**Problem to solve:** One number is all that is asked for: the number of lines below that hold the string "equation".
(Beginning of Supplied entries)
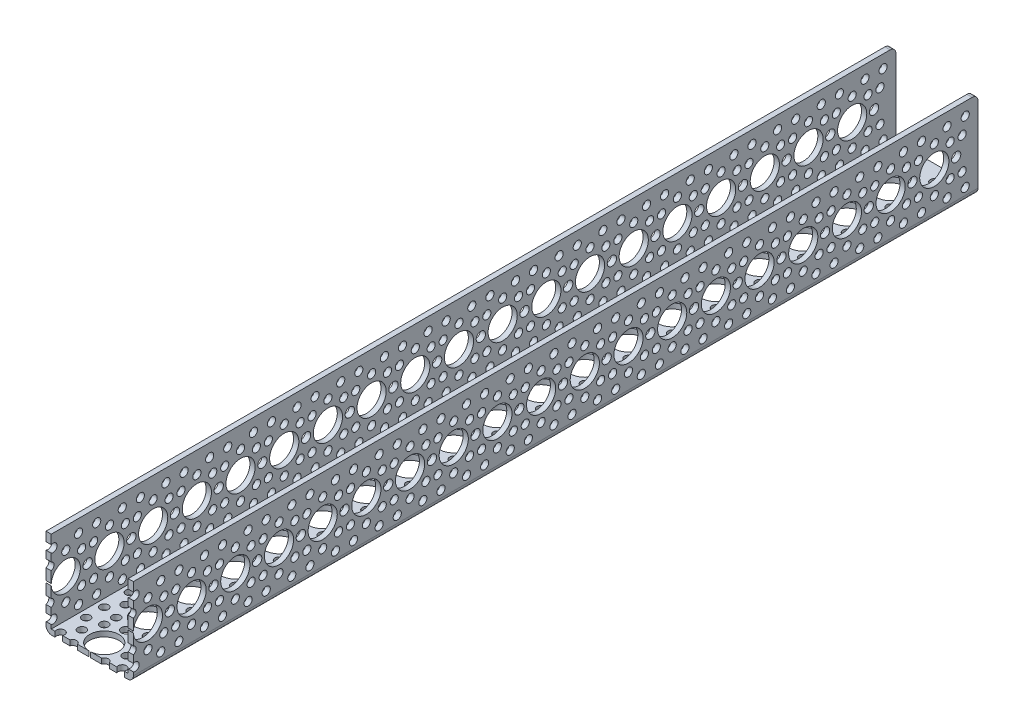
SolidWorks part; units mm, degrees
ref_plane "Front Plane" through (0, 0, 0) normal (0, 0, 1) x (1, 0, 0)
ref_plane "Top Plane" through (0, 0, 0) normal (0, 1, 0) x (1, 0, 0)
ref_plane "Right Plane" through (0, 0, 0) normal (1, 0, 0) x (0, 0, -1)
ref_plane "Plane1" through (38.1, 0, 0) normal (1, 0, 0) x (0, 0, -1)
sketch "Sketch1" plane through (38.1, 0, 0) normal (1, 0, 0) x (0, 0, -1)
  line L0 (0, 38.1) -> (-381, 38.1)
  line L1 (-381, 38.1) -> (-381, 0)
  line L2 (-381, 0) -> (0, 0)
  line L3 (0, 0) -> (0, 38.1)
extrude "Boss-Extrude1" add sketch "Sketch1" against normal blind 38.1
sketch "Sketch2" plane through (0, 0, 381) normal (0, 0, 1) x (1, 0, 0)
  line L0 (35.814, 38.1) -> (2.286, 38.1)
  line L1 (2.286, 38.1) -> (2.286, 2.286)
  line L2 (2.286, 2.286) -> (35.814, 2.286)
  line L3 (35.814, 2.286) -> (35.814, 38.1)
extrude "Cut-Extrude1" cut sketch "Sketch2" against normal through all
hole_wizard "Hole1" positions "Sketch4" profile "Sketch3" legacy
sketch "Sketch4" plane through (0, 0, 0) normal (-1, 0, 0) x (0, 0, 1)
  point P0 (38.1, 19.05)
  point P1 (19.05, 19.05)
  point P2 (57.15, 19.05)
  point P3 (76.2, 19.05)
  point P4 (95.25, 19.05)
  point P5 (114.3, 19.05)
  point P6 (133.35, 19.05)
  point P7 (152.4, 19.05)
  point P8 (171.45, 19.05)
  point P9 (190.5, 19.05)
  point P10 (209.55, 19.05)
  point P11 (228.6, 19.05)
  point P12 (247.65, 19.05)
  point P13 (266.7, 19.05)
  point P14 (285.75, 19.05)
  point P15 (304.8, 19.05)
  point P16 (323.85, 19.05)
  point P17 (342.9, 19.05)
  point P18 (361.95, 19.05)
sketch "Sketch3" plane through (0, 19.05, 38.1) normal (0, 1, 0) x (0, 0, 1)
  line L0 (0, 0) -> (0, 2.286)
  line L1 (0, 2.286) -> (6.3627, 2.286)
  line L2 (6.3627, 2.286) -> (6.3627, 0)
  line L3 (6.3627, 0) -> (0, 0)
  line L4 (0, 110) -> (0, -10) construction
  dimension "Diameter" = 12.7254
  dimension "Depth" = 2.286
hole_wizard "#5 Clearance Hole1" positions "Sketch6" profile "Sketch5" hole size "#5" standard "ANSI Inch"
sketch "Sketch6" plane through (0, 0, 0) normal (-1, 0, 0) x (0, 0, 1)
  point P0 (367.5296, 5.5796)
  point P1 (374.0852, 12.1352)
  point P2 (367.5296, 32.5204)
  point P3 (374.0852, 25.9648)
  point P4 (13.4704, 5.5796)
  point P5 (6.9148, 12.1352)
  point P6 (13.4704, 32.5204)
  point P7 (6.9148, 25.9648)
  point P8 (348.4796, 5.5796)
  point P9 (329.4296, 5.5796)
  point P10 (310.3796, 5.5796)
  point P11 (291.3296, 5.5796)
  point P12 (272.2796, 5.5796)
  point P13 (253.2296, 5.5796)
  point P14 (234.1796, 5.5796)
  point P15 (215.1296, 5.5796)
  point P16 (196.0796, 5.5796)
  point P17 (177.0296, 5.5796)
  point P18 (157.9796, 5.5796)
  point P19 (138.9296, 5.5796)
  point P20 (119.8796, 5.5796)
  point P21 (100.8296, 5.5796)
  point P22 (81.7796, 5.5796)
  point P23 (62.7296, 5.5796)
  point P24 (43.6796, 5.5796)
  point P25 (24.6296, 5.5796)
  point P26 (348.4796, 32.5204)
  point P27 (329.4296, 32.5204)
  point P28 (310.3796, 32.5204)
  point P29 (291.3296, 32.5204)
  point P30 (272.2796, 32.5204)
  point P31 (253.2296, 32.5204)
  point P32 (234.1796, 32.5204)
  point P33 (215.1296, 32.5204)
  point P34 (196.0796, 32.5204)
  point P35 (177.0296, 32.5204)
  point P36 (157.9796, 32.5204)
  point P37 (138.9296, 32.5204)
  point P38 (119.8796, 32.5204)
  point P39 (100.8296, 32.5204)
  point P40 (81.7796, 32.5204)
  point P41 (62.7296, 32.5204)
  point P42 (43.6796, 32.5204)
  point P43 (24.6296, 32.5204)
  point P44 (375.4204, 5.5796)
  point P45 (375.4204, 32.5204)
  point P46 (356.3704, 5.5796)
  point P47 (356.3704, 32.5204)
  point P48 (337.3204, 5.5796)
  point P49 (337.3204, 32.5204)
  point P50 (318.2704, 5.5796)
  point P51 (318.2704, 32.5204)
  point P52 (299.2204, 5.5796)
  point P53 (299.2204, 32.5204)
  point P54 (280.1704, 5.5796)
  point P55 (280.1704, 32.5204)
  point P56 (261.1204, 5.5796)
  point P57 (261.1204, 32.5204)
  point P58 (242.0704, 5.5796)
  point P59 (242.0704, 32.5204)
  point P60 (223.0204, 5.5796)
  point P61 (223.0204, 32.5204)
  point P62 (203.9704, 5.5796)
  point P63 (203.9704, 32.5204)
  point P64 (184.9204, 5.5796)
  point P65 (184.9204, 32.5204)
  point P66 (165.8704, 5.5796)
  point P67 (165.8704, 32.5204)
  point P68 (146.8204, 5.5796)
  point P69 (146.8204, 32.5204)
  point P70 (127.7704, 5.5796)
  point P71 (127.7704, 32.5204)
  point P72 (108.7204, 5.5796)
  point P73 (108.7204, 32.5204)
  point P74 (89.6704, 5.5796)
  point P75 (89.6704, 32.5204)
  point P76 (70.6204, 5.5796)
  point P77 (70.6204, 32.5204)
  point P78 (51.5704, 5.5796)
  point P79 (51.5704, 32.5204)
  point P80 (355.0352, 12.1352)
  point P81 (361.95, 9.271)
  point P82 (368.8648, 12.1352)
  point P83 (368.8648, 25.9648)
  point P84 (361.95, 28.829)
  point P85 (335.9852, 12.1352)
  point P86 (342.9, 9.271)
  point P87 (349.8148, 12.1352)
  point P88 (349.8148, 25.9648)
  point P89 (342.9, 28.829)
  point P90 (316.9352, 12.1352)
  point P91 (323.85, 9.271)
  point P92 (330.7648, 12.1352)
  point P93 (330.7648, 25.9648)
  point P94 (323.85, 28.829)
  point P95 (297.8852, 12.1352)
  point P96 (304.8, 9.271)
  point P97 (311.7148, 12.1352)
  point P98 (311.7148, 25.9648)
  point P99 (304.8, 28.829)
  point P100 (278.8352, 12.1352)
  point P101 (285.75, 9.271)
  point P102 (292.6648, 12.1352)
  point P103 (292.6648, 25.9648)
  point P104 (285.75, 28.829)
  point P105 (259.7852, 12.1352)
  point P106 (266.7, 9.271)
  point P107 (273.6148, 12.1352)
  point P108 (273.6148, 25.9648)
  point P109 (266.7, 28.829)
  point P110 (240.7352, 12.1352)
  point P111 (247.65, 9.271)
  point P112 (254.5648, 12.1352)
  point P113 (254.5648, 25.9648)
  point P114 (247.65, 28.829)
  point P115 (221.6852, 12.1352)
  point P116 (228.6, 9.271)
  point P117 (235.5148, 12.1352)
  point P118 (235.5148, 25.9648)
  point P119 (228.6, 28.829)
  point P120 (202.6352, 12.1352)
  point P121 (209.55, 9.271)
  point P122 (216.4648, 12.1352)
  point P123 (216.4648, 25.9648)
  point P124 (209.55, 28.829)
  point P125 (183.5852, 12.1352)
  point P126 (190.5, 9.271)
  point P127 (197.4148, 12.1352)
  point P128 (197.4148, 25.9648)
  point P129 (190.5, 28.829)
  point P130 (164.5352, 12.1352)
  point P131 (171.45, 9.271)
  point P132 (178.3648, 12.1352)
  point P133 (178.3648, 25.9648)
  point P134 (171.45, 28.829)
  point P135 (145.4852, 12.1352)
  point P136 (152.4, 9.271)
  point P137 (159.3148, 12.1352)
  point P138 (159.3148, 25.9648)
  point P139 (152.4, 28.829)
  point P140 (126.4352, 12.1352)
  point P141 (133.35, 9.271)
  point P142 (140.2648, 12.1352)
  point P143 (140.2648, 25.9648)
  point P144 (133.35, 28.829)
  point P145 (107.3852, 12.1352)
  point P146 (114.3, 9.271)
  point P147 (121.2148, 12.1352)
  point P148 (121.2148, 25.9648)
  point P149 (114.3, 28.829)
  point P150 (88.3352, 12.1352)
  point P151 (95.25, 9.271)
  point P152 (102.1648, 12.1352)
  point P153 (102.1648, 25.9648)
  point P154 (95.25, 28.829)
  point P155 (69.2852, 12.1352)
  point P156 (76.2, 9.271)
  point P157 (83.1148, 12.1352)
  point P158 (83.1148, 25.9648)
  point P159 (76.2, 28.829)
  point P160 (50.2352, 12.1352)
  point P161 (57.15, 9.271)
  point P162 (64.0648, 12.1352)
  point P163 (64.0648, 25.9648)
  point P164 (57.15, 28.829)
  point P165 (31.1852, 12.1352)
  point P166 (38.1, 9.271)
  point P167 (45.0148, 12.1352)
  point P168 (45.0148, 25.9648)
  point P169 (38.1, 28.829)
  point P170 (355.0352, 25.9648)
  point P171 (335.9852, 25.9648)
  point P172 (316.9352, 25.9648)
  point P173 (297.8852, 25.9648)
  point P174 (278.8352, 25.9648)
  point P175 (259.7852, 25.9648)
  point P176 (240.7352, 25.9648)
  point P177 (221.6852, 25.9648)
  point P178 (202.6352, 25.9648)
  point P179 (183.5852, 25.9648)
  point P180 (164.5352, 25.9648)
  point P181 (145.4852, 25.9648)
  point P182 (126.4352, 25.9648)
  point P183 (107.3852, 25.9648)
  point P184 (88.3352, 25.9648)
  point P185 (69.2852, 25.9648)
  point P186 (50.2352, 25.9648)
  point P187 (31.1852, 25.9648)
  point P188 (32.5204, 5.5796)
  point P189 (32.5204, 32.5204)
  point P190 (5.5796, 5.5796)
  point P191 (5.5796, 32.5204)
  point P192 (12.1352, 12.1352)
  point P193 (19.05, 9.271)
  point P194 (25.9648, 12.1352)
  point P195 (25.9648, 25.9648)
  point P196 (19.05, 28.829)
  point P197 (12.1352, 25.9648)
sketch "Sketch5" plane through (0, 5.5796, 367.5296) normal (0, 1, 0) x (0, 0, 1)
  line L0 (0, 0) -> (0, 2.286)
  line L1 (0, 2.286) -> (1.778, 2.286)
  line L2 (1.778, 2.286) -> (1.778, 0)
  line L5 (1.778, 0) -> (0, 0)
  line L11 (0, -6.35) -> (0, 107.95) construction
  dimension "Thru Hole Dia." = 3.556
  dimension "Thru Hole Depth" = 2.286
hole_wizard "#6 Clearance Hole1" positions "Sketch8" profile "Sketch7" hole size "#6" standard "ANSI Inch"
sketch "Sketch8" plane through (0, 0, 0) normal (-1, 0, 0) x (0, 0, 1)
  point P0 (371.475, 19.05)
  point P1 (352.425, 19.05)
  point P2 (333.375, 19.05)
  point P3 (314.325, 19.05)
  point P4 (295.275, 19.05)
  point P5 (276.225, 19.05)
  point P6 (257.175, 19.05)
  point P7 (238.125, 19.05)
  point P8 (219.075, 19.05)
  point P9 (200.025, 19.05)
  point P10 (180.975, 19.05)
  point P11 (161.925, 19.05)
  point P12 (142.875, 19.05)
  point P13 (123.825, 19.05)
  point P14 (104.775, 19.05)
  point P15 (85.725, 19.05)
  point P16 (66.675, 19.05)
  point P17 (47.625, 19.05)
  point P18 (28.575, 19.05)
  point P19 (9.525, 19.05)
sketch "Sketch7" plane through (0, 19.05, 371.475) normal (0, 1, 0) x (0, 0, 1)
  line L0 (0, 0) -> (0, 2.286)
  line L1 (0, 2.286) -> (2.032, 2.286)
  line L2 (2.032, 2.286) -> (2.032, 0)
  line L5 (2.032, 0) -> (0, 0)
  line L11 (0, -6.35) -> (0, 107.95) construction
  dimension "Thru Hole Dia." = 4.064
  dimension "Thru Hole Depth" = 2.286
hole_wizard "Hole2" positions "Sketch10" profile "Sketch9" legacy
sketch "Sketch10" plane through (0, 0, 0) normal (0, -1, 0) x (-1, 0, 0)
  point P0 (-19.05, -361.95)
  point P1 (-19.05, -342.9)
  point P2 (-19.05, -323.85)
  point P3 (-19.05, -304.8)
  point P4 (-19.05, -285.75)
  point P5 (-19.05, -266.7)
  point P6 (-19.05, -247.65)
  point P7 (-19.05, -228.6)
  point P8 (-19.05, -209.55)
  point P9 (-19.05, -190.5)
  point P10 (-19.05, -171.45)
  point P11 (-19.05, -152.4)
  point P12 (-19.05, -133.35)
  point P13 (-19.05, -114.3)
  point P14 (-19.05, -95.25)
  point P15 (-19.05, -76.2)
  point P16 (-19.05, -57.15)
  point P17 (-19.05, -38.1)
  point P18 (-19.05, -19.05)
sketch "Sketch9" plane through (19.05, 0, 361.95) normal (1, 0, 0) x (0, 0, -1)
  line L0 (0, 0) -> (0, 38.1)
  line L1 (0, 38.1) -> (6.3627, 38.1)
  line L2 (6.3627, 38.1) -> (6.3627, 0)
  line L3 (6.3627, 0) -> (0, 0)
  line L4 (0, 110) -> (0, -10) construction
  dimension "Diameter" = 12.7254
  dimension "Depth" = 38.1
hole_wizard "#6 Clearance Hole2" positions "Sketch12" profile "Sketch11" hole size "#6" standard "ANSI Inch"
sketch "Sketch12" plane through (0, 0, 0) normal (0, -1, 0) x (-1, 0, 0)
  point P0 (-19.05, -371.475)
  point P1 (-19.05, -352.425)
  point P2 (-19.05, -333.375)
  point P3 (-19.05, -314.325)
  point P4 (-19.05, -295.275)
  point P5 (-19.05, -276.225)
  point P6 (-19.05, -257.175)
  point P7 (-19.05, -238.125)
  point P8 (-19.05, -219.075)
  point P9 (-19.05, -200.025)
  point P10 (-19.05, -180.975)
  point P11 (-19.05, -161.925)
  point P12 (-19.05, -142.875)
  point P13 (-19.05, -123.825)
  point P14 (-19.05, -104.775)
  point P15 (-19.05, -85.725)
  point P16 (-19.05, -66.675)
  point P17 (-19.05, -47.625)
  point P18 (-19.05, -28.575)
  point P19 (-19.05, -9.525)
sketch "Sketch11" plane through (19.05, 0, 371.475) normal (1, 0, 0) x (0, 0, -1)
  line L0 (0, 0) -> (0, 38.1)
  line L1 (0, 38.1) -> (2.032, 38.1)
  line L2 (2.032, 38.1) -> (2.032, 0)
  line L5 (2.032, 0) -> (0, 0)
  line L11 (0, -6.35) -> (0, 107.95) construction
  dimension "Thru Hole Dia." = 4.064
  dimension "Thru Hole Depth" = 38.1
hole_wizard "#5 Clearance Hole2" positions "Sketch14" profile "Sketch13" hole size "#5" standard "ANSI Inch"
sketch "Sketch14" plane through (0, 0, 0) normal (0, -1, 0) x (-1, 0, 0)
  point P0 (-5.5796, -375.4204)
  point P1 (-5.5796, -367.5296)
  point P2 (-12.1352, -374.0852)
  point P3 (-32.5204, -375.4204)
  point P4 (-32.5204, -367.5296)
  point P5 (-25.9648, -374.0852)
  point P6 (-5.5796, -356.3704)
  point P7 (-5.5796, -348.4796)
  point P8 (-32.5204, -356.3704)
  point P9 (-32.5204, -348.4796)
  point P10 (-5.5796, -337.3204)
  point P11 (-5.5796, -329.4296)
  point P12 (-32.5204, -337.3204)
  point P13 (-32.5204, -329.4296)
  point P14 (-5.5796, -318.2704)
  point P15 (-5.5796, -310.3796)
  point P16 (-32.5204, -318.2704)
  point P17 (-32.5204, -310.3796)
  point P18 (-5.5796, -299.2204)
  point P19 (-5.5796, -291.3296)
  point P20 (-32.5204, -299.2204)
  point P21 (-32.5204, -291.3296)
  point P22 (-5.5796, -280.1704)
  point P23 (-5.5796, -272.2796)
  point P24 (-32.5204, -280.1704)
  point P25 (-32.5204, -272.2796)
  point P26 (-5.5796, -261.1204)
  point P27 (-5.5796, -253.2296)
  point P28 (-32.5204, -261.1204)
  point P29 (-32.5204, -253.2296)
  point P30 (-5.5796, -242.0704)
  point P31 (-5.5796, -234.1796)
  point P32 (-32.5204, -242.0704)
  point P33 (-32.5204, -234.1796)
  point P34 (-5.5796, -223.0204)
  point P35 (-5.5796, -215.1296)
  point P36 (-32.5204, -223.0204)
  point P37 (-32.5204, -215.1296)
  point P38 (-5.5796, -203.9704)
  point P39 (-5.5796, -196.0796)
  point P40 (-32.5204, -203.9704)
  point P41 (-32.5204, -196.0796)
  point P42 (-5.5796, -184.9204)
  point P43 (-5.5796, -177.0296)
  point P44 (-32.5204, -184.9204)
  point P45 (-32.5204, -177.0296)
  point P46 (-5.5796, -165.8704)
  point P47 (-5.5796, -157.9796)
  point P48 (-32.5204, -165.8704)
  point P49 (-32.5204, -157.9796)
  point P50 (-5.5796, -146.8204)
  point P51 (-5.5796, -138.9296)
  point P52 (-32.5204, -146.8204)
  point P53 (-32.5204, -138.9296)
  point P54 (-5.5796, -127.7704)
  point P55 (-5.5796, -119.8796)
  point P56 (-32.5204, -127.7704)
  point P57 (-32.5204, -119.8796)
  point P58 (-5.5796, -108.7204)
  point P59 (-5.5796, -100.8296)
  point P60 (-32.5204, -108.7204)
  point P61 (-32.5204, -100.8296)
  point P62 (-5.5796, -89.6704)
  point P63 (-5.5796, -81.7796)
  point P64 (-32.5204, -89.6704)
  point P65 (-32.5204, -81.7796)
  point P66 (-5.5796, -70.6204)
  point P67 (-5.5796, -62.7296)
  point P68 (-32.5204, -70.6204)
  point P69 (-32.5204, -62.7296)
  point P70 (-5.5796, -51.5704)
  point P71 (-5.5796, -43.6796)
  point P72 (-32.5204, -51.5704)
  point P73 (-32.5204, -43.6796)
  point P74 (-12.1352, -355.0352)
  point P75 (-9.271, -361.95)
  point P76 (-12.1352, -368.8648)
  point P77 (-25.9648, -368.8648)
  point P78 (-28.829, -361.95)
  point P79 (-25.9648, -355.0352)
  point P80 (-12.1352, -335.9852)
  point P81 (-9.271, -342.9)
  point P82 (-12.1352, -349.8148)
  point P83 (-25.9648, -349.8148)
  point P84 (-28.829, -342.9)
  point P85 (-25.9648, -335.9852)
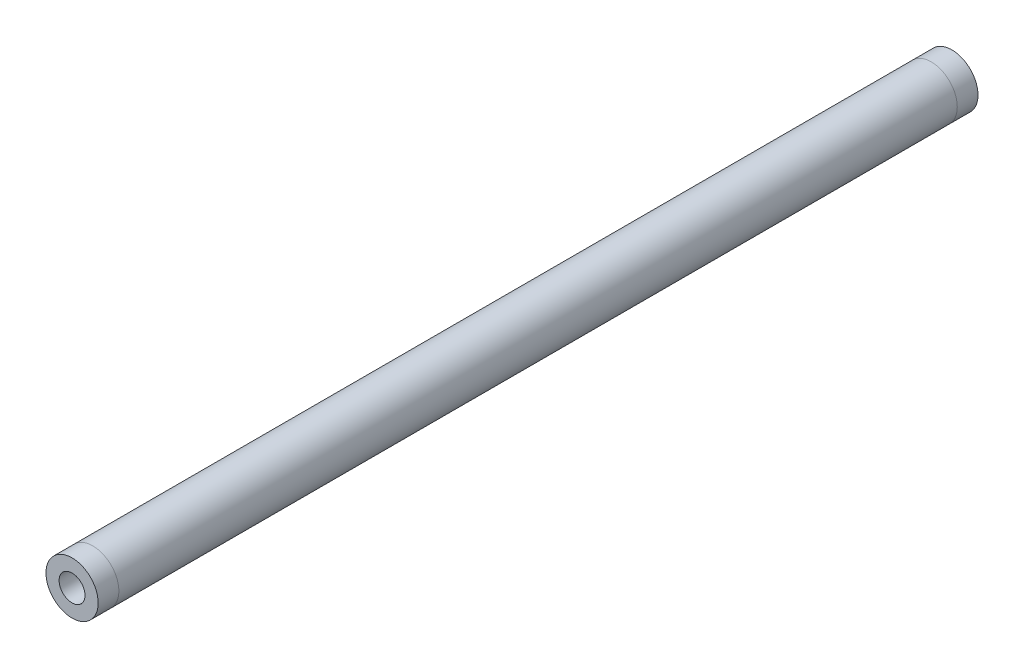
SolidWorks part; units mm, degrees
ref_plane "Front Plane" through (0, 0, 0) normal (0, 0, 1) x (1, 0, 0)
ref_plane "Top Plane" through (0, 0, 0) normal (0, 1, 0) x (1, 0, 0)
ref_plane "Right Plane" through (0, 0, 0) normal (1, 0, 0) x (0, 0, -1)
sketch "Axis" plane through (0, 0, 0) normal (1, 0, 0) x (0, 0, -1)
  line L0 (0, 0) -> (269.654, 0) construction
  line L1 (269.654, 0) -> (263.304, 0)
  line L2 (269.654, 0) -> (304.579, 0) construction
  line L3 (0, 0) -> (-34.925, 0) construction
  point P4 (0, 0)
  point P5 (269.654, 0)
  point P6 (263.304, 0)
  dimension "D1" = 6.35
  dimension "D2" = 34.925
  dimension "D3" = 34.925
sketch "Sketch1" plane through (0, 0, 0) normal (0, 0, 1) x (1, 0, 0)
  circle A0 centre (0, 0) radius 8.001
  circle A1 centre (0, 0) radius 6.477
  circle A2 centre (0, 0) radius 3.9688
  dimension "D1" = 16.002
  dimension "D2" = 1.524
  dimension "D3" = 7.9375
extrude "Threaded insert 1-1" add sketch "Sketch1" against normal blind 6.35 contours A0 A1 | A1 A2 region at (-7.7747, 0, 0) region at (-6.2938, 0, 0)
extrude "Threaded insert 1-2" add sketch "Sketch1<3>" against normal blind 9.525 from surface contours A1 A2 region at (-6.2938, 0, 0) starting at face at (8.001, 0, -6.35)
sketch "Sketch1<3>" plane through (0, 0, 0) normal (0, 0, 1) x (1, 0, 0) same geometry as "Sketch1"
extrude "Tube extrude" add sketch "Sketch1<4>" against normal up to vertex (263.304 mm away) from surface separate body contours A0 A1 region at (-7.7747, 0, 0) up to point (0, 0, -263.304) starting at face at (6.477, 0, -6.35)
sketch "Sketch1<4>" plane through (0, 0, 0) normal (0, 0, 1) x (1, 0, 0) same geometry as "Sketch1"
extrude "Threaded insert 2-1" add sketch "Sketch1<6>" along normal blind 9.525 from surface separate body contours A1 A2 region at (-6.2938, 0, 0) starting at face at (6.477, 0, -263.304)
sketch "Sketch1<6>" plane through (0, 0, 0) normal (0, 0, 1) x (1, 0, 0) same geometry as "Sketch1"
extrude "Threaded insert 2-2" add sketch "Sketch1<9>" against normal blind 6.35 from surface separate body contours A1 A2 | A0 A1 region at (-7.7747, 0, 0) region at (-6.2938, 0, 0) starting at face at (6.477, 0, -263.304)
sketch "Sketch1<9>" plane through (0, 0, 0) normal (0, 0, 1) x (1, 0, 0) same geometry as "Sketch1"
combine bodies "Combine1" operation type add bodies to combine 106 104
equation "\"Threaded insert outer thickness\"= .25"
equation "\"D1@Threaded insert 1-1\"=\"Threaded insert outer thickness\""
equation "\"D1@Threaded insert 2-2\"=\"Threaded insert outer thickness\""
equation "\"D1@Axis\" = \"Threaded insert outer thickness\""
(End of Supplied entries)
**Task output:** 4